■ PROBLEM STATEMENT:
Take the lines below between the one holding "doc.units = 0" and the one holding "doc.layers.add(name, color=color, linetype=linetype)", inclusive, and copy them exactly. Add nothing.

■ Source data:
################

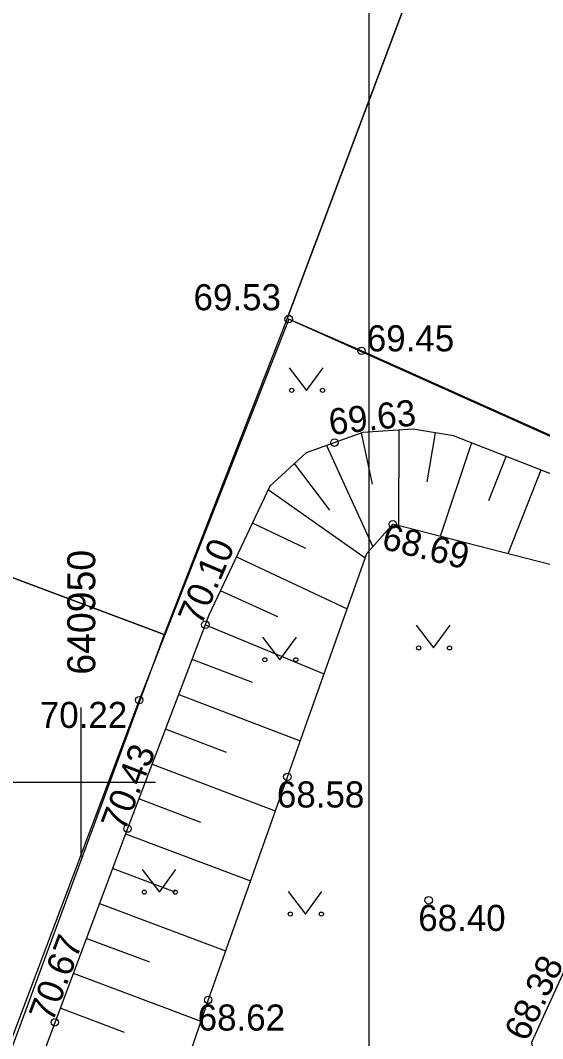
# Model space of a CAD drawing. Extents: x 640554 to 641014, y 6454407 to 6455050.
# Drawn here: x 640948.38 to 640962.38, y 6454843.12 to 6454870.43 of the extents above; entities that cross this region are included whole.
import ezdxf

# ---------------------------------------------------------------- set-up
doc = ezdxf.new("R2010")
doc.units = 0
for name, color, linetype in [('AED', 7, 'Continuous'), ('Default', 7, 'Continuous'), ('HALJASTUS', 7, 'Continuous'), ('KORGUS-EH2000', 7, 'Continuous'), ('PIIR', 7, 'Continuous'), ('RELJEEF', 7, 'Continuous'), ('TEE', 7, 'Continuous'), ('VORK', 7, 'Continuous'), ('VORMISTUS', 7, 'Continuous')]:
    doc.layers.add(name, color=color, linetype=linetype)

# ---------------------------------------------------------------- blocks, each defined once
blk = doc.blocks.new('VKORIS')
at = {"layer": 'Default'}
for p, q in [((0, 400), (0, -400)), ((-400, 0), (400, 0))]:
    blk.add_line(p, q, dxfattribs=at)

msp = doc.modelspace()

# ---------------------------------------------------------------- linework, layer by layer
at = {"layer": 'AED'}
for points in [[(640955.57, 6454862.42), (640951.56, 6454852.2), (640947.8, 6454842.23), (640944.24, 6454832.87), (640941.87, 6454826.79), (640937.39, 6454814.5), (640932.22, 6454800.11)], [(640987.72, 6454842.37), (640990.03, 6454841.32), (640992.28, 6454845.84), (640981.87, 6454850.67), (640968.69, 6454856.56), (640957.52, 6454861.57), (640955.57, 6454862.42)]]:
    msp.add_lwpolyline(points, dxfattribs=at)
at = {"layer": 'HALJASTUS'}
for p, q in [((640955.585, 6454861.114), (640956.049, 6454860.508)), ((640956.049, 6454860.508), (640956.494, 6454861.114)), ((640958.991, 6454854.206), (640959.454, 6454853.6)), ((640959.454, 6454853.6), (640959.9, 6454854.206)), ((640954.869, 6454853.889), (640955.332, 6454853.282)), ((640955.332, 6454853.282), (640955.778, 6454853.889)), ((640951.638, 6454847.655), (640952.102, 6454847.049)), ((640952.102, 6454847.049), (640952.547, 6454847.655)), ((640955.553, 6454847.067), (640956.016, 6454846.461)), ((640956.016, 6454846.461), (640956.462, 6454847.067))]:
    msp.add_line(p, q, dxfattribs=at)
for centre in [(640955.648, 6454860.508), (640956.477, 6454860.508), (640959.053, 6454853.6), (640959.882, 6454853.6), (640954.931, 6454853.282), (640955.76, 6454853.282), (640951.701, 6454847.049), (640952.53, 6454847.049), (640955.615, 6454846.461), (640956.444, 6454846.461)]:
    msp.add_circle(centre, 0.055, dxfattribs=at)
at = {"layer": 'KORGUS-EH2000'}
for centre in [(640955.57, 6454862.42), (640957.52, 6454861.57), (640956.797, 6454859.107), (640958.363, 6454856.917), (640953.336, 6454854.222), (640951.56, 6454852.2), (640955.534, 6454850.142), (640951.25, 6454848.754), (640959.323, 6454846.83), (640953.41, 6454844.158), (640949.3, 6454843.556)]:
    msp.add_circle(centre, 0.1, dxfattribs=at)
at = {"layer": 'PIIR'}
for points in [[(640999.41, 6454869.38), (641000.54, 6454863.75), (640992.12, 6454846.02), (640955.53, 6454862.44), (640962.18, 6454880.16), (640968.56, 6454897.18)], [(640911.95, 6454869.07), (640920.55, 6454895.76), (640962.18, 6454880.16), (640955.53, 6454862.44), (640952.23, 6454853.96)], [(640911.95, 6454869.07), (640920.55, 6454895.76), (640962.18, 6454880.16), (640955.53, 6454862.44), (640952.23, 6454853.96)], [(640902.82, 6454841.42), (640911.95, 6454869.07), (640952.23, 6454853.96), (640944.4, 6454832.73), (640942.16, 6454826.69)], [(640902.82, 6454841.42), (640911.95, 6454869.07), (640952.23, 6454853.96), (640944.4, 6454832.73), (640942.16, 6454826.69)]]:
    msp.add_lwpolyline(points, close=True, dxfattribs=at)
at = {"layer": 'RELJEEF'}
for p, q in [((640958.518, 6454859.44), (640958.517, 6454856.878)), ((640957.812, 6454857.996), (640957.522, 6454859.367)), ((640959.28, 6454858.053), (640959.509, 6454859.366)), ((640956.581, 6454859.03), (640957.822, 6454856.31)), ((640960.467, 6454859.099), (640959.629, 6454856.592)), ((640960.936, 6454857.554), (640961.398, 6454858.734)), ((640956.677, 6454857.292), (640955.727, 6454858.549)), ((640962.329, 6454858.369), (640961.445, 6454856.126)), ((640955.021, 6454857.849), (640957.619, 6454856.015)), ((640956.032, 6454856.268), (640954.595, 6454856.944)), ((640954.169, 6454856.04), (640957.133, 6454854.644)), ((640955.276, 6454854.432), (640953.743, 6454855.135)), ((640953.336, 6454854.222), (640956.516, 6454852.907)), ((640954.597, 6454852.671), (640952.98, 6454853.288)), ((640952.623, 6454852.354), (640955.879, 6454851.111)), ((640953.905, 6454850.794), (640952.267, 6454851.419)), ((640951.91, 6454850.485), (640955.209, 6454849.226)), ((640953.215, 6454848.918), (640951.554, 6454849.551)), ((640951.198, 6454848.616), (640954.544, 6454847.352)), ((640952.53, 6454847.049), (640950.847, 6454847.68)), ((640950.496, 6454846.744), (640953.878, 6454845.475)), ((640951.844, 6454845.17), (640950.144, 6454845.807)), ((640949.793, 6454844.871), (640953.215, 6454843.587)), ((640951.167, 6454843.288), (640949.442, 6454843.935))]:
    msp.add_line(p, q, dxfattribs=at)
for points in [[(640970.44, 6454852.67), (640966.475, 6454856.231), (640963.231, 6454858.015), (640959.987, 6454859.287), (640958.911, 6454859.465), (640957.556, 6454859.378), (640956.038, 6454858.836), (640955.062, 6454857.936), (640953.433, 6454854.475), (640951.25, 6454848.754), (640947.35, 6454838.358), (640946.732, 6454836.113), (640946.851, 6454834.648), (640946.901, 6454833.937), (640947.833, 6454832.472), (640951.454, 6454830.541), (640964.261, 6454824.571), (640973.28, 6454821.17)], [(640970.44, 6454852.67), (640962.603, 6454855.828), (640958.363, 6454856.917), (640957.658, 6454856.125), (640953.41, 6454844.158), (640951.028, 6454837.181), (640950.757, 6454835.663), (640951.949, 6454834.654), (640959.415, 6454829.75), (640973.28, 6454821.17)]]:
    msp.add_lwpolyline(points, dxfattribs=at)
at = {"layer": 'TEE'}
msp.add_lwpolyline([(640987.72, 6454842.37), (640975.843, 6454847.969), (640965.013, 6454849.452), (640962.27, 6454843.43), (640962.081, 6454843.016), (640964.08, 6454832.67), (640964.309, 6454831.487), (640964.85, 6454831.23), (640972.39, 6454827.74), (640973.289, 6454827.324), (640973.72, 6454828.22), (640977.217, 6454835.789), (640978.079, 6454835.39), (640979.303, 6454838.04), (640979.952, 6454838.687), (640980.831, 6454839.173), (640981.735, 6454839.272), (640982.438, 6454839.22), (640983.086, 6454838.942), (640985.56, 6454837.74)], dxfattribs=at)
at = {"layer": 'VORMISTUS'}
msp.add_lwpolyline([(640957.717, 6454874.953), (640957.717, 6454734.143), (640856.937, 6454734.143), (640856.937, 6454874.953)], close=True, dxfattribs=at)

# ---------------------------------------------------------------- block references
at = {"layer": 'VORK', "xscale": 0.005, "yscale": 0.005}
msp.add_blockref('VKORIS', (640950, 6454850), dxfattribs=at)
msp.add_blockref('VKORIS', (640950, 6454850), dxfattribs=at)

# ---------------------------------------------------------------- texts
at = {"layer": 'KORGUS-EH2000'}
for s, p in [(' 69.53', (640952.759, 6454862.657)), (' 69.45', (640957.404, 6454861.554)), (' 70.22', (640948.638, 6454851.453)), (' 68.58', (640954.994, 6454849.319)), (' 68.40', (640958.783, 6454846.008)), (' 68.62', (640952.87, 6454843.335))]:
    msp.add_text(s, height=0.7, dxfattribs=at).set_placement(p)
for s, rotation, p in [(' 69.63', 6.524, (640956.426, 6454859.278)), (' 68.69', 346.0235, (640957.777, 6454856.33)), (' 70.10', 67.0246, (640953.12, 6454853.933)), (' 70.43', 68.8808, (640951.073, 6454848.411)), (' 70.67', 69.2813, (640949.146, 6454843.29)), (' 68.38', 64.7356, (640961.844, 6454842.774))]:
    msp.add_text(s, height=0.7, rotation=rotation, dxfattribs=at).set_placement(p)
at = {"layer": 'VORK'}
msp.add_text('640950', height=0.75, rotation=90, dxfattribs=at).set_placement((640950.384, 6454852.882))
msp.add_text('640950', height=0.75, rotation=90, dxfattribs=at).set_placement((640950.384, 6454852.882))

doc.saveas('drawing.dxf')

################

■ SOLUTION TO THE PROBLEM:
doc.units = 0
for name, color, linetype in [('AED', 7, 'Continuous'), ('Default', 7, 'Continuous'), ('HALJASTUS', 7, 'Continuous'), ('KORGUS-EH2000', 7, 'Continuous'), ('PIIR', 7, 'Continuous'), ('RELJEEF', 7, 'Continuous'), ('TEE', 7, 'Continuous'), ('VORK', 7, 'Continuous'), ('VORMISTUS', 7, 'Continuous')]:
    doc.layers.add(name, color=color, linetype=linetype)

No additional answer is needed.